● **Problem description**: Would you filter these records and copy every line that has the word "Circle"?

● **Information given**:
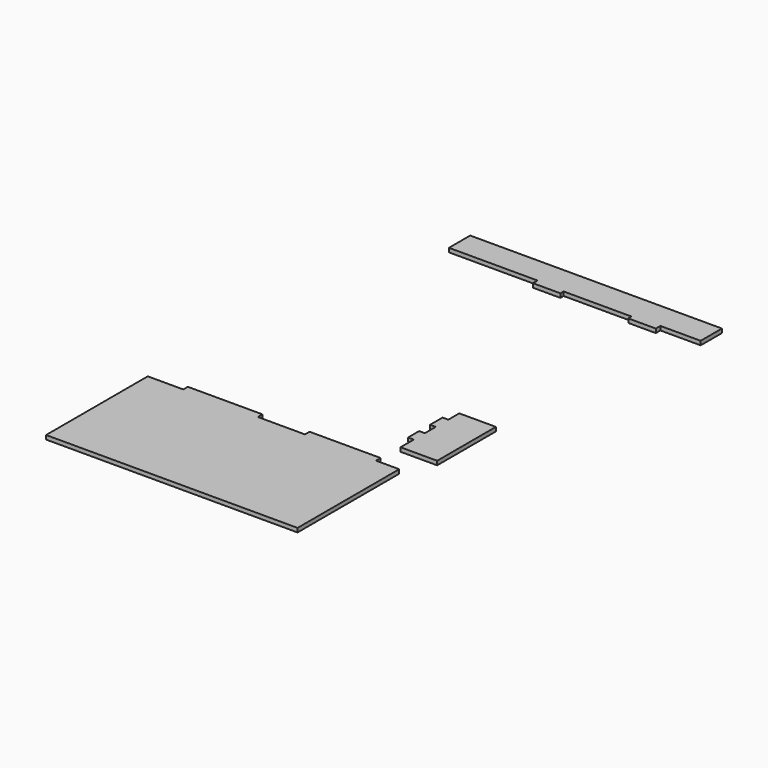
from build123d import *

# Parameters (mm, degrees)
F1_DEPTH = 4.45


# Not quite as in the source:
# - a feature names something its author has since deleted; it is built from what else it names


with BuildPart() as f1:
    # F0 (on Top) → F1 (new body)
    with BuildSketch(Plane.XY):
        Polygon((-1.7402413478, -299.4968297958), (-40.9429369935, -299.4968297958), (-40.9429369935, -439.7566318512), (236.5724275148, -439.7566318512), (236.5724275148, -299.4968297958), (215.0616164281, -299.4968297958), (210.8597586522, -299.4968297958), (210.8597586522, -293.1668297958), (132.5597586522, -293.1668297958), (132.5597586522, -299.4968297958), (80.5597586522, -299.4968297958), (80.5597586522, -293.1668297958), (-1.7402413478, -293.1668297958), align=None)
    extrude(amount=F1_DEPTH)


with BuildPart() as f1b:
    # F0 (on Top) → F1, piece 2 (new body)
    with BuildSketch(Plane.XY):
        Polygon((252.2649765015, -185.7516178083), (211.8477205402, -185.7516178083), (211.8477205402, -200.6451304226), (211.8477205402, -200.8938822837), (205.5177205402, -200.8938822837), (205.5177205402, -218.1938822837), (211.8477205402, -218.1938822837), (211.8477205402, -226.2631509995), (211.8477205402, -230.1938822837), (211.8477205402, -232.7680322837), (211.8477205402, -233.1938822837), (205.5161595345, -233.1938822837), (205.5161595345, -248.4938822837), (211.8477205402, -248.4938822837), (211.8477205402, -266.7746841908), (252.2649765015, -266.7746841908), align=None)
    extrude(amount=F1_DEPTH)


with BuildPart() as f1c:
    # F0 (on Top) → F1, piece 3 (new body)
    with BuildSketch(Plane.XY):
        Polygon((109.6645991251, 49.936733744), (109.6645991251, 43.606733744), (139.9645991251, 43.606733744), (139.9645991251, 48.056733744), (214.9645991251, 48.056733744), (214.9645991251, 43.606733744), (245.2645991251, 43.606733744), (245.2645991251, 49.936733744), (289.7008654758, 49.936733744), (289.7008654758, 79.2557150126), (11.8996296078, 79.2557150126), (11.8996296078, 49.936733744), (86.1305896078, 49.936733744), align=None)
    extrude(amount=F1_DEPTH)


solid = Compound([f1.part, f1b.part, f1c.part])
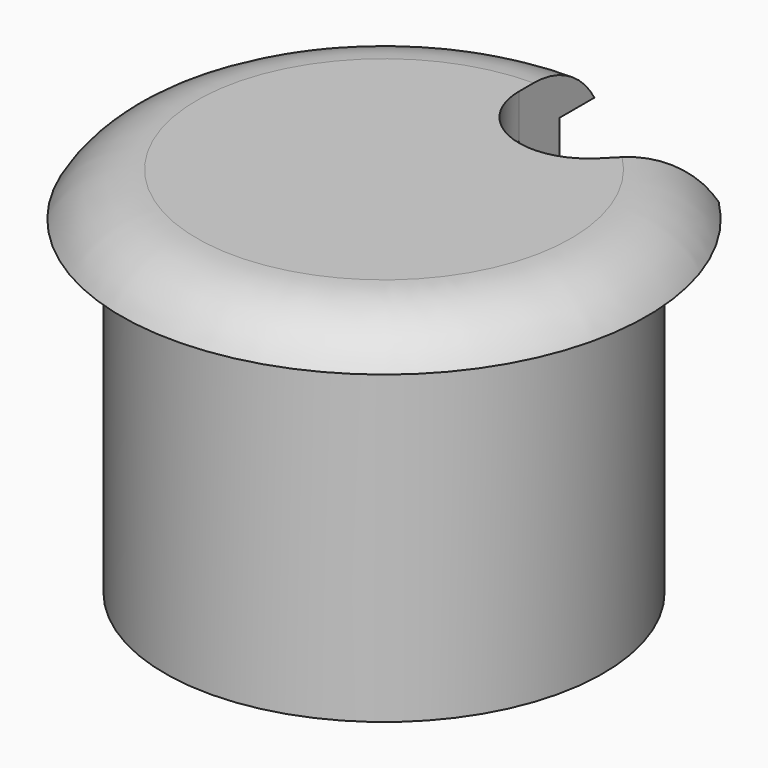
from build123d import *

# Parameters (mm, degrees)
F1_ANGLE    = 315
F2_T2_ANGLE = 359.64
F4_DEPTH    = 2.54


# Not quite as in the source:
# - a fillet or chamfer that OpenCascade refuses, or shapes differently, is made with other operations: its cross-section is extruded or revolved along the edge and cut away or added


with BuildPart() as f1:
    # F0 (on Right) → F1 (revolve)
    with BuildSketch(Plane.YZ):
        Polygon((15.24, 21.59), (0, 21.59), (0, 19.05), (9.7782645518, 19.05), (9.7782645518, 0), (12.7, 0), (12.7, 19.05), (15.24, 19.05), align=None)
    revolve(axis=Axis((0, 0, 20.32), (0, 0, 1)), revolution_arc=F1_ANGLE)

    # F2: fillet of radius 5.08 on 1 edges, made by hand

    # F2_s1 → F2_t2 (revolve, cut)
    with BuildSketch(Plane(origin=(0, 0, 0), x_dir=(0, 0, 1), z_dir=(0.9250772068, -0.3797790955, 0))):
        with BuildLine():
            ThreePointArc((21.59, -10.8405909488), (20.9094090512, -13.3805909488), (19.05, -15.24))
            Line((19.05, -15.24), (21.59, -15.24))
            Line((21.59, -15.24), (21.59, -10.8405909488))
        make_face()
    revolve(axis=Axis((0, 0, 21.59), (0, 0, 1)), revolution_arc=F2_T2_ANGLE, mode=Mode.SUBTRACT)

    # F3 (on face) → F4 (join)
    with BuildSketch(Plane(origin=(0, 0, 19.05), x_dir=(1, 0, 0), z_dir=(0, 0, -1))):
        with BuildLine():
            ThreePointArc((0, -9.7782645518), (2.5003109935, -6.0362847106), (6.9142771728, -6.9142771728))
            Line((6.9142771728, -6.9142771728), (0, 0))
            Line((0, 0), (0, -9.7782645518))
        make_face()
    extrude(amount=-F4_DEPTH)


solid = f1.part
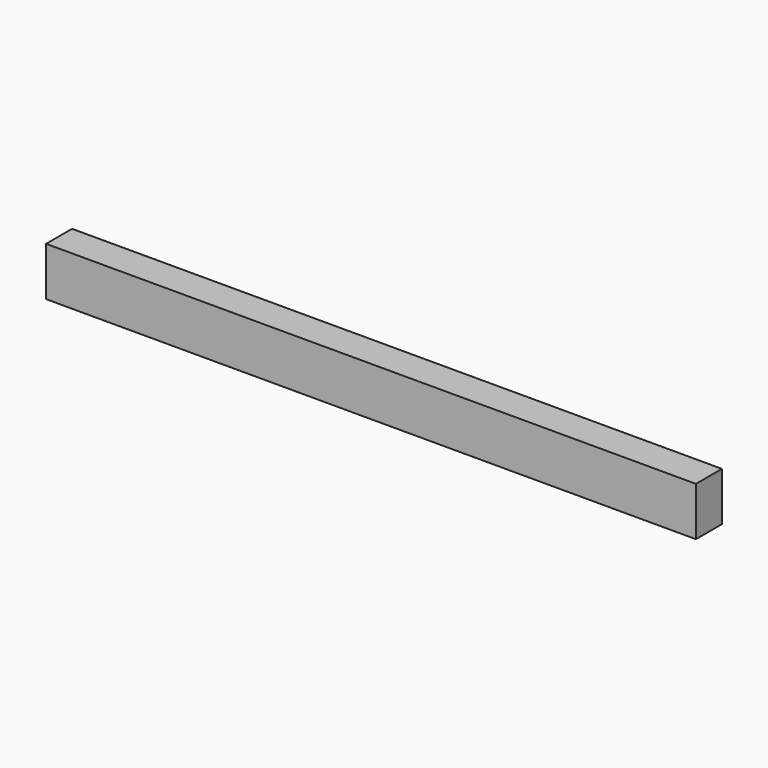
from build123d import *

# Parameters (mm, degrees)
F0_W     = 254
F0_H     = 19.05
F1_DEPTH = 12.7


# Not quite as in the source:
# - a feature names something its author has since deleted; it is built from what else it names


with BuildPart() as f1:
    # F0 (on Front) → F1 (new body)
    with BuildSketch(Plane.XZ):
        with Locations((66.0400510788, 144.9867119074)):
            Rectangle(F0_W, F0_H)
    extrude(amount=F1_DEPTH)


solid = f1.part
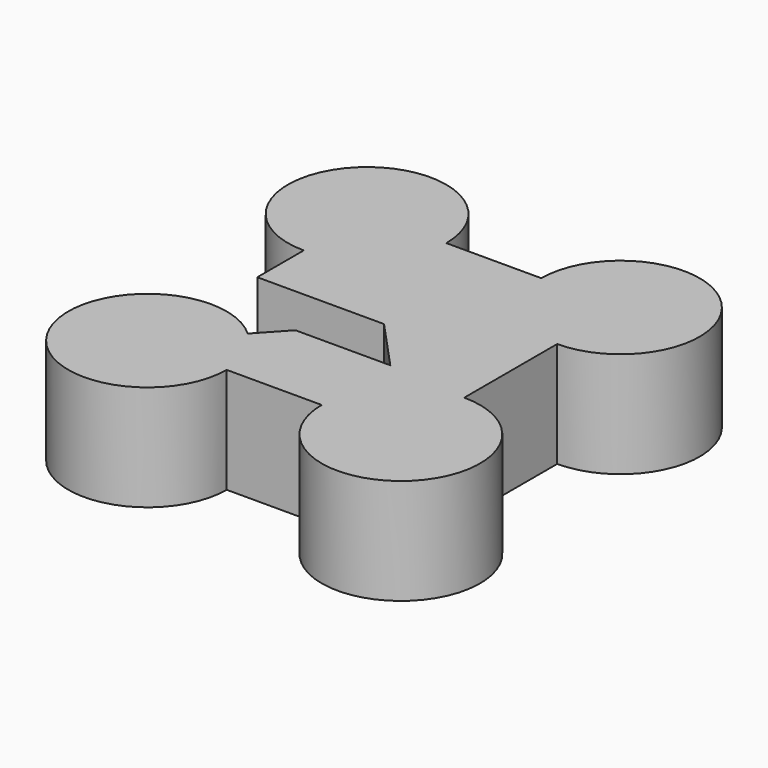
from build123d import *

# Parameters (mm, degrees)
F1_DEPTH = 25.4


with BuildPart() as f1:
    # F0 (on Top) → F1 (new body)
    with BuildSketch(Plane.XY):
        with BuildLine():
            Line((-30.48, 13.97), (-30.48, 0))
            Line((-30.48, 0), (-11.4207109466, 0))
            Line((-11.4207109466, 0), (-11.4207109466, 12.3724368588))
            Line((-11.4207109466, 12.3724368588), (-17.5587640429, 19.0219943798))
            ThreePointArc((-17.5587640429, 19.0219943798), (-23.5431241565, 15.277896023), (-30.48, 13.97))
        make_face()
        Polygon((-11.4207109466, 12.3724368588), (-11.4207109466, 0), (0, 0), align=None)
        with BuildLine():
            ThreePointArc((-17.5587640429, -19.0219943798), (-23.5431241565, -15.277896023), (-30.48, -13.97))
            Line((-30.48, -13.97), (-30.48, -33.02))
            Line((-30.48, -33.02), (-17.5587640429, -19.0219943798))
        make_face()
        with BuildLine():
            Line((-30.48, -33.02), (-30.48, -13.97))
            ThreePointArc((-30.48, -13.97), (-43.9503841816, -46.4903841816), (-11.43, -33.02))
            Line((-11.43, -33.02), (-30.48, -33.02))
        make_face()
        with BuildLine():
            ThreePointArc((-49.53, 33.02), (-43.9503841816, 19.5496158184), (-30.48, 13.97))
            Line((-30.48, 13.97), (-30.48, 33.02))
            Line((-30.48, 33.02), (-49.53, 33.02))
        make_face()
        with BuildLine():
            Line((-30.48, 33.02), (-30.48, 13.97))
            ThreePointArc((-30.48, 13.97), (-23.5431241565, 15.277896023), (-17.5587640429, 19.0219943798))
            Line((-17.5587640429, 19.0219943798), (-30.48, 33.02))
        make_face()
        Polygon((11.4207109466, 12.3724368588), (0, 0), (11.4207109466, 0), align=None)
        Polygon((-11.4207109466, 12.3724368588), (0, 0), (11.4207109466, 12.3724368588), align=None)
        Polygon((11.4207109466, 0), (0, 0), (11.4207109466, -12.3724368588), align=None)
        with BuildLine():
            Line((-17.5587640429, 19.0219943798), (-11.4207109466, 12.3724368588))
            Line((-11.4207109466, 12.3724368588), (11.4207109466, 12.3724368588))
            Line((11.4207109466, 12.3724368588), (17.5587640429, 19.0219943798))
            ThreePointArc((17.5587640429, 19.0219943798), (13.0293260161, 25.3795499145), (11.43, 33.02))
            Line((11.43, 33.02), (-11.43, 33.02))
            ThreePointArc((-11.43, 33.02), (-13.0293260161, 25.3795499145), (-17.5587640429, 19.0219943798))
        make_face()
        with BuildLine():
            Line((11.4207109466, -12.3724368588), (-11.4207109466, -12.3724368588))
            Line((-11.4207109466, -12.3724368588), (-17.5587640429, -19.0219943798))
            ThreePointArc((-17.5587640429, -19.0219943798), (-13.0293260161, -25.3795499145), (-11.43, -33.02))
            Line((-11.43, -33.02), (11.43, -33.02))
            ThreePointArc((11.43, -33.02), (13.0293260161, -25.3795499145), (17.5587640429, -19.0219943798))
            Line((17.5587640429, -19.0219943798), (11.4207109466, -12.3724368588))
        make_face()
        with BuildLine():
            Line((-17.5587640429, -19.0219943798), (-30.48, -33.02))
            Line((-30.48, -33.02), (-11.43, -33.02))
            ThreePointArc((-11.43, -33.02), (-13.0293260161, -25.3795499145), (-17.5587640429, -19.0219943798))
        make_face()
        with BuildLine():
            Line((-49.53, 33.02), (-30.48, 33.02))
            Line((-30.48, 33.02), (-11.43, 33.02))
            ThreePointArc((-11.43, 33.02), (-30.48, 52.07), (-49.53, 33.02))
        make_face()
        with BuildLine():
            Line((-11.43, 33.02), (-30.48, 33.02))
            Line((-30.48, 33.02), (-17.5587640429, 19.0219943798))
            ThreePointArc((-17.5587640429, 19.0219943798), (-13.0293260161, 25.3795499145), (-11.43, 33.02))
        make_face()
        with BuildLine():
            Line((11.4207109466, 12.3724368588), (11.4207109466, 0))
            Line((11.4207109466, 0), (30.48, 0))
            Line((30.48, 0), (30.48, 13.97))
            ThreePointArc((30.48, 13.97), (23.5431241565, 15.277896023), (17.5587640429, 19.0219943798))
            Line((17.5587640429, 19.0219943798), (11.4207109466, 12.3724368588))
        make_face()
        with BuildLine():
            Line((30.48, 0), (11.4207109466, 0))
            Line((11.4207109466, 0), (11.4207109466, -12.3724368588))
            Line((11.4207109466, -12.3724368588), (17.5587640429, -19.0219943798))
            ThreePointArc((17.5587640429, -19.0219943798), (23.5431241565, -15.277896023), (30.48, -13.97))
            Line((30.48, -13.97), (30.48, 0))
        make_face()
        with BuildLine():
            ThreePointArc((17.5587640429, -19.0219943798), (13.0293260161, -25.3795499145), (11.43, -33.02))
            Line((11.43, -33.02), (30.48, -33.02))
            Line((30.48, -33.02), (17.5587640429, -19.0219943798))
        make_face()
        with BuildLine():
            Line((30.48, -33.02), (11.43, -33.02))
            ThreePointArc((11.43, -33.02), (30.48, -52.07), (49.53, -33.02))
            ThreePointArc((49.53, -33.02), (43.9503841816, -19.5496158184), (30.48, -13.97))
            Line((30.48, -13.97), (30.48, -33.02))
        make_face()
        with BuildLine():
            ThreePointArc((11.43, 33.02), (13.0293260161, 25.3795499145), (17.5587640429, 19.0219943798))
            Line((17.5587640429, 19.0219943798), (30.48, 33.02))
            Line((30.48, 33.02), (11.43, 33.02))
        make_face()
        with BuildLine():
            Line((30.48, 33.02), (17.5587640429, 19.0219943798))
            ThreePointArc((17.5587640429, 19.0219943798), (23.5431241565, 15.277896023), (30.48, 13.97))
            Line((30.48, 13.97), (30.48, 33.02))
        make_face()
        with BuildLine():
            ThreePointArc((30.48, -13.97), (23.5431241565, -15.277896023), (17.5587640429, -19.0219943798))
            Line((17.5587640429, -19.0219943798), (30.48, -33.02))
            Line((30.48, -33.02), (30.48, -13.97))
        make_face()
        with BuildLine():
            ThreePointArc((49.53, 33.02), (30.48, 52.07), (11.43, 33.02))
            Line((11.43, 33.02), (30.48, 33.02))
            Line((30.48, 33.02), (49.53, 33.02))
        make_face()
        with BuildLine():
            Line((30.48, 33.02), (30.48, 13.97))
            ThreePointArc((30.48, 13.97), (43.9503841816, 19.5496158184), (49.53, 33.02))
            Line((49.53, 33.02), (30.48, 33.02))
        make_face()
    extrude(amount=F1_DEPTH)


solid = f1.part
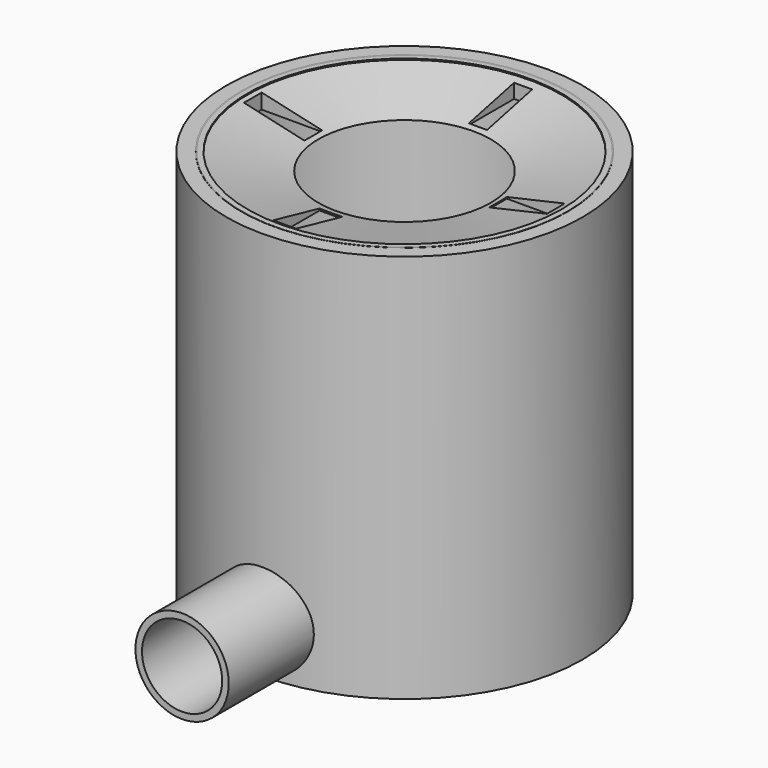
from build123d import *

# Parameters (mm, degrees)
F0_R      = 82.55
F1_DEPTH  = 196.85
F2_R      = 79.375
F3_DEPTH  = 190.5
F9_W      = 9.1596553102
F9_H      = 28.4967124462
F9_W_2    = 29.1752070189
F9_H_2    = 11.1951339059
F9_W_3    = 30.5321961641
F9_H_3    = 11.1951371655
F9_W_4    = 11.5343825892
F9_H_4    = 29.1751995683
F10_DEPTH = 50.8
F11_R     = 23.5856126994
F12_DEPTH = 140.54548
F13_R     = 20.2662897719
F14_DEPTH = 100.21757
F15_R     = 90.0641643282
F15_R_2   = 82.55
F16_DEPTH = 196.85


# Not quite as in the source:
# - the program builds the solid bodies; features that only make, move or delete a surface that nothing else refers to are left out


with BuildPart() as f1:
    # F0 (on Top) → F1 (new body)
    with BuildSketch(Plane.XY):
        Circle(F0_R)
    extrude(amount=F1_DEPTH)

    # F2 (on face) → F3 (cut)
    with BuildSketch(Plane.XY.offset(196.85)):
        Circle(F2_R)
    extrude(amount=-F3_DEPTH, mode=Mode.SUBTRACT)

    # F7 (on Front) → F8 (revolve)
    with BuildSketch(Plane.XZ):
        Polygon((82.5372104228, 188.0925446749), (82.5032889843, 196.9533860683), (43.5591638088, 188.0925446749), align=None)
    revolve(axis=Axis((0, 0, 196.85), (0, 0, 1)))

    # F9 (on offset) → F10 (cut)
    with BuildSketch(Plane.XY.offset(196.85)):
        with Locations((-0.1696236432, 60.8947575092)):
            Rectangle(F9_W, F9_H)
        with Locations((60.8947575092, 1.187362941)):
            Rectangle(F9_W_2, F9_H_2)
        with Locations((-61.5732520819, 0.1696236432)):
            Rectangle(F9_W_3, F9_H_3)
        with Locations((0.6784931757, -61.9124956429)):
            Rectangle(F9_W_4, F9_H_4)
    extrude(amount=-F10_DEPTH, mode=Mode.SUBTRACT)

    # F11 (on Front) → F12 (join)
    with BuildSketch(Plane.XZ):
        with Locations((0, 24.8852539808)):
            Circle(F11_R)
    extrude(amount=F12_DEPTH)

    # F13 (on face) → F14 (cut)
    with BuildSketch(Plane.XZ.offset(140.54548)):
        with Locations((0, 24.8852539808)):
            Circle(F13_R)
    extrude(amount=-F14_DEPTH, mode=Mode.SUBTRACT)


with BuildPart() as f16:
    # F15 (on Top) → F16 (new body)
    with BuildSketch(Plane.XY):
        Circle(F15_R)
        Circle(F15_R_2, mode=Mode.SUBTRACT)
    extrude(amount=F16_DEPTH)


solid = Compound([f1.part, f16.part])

● **Response box**:
        Circle(F0_R)
        Circle(F2_R)
            Circle(F11_R)
            Circle(F13_R)
        Circle(F15_R)
        Circle(F15_R_2, mode=Mode.SUBTRACT)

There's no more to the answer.